An introduction was given by Cardinal Lorenzo Baldisseri, and the president of the Episcopal Conference of Austria and cardinal archbishop of Vienna Christoph Schonborn pronounced a commemorative discourse.
Below are extensive extracts from the Holy Father’s discourse, in which he reiterated that the very name “Synod” – “walking together” – indicates what the Lord asks of us.
“From Vatican Council II to the current Synod Assembly on the family, we have experienced in an increasingly intense way the beauty of ‘walking together’. … We must continue on this road. The world in which we live, and which we are called upon to love and serve even in its contradictions, demands of the Church a strengthening of synergies in all areas of her mission. The path of synodality is the path that God expects from the Church in the third millennium. … In the Apostolic Exhortation ‘Evangelii Gaudium’ I underlined how ‘the People of God is holy thanks to this anointing, which makes it infallible in credendo’, adding that ‘all the baptised, whatever their position in the Church or their level of instruction in the faith, are agents of evangelisation, and it would be insufficient to envisage a plan of evangelisation to be carried out by professionals while the rest of the faithful would simply be passive recipients’. … It was this conviction that guided me in my wish that the People of God be consulted in the preparation of the dual Synod on the family. … How would it be possible to speak of the family without speaking with families, listening to their joys and hopes, their sorrows and their troubles?”.

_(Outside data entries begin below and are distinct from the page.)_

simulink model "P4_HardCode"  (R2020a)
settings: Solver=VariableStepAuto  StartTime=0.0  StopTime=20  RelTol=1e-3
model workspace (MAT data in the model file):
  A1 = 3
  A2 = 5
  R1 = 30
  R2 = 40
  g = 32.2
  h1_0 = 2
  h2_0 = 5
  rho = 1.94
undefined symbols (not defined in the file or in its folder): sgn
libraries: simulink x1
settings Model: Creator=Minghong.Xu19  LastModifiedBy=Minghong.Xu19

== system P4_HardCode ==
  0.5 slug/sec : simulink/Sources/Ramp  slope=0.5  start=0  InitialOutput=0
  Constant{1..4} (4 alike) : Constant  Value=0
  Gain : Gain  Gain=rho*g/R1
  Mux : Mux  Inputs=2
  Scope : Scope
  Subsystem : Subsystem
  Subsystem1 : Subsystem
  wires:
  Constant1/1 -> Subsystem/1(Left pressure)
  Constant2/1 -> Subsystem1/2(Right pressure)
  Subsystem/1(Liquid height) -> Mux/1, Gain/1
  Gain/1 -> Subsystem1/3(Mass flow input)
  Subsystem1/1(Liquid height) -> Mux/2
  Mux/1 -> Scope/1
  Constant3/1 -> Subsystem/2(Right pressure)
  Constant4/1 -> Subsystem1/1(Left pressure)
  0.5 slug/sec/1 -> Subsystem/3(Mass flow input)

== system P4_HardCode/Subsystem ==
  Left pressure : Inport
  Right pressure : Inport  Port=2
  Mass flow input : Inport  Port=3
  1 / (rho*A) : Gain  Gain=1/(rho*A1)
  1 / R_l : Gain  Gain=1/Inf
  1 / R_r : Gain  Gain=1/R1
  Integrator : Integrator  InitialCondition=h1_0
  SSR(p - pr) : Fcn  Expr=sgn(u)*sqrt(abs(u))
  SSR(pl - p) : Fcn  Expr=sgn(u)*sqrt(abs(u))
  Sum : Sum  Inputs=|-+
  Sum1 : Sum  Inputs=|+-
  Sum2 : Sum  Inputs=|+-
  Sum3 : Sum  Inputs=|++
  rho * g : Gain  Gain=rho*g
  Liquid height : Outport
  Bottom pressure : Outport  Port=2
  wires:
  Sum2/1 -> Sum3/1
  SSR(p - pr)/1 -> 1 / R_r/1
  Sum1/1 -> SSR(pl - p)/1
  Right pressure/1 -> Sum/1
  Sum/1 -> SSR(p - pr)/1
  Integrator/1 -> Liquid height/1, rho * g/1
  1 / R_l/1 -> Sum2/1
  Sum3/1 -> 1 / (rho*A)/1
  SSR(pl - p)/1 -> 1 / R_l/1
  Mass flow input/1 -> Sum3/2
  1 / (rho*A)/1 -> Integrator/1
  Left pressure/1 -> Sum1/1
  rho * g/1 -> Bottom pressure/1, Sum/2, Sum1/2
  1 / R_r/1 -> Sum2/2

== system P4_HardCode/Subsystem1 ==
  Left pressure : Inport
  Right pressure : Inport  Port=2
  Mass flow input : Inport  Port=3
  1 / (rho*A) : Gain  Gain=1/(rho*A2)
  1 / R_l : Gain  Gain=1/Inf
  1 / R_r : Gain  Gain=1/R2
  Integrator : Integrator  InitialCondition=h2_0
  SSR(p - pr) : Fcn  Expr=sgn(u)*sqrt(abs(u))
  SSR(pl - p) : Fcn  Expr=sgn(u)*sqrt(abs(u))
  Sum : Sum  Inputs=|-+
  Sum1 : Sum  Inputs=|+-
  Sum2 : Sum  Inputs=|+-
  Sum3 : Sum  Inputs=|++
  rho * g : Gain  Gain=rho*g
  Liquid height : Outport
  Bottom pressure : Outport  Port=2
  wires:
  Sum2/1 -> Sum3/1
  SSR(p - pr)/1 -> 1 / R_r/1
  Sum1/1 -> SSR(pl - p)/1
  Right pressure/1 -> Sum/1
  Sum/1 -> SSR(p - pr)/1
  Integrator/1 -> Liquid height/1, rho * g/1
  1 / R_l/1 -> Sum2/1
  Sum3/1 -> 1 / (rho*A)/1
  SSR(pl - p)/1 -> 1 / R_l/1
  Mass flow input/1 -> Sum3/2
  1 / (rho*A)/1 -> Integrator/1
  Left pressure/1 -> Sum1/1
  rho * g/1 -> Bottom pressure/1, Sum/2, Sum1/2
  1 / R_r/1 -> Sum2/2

“A Synodal Church is a Church who listens, aware that listening is more than hearing. It is a process of mutual listening in which each person has something to learn. The faithful, the Episcopal College, the bishop of Rome: each one listening to the others, and all listening to the Holy Spirit, the ‘Spirit of truth’. … Synodality, as a constitutive dimension of the Church, offers us the best interpretative framework for understanding her hierarchical ministry … in which no-one may be ‘higher’ than the others. On the contrary, within the Church it is necessary to stoop to put oneself in service to one’s brothers along the way. Jesus constituted the Church, placing at the summit the apostolic College, in which the apostle Peter is the ‘rock’, he who must ‘confirm’ his brothers in the faith. But in this Church, as in an upturned pyramid, the summit is below the base. Therefore, those who exercise authority are called ‘ministers’: because in accordance with the original meaning of the word, they are the least of all”.
“In an synodal Church, the Synod of Bishops is only the most evident manifestation of a dynamism of communion that inspires all ecclesial dimensions. The first level of the exercise of synodality occurs in the particular Churches. … The Code of Canon Law reserves ample space to those who are usually referred to as the ‘organs of communion’ of the particular Church: the presbyteral Council, the College of Consultors, the Chapter of Canons and the pastoral Council. These instruments, that at times proceed wearily, must be accorded their due value as offering opportunities for listening and sharing. … The second level is that of the Ecclesiastical Provinces or Regions, the Particular Councils and, in special way, the Episcopal Conferences. … In a synodal Church, as I have already stated, ‘it is not advisable for the Pope to take the place of local bishops in the discernment of every issue which arises in their territory. In this sense, I am conscious of the need to promote a sound decentralisation’. … The final level is that of the universal Church. Here the Synod of Bishops, representing the entire Catholic episcopate, becomes an expression of episcopal collegiality within an entirely synodal Church”.
“I am convinced that, in a synodal Church, more light could also be cast on the exercise of the Petrine primacy. The Pope is not alone and above the Church, but rather within her, baptised among the baptised, and within the episcopal College as a bishop among bishops, called upon at the same time, as the Successor of the apostle Peter, to guide the Church of Rome who presides in love among all the Churches. While I repeat the need and urgency to think of a ‘conversion of the papacy’ … I am convinced that I have, in this respect, a particular responsibility, above all in ascertaining the ecumenical aspiration of the majority of Christian communities and in listening to the request that is presented to me to find a way of exercising this primacy that, while not renouncing in any way the essence of its mission, is open to a new situation”.
“Our gaze also extends to humanity. A synodal Church is like a standard borne among the nations in a world that, while invoking participation, solidarity and transparency in public administration, frequently leaves the destiny of entire populations in the rapacious hands of small powerful groups. As a Church who ‘walks together’ with mankind, participating in the labours of history, we cultivate the dream that the rediscovery of the inviolable dignity of peoples and the function of the service of authority may also help in the edification of civil society in justice and fraternity, giving rise to a world that is more beautiful and worthier of humanity for the generations to follow us”.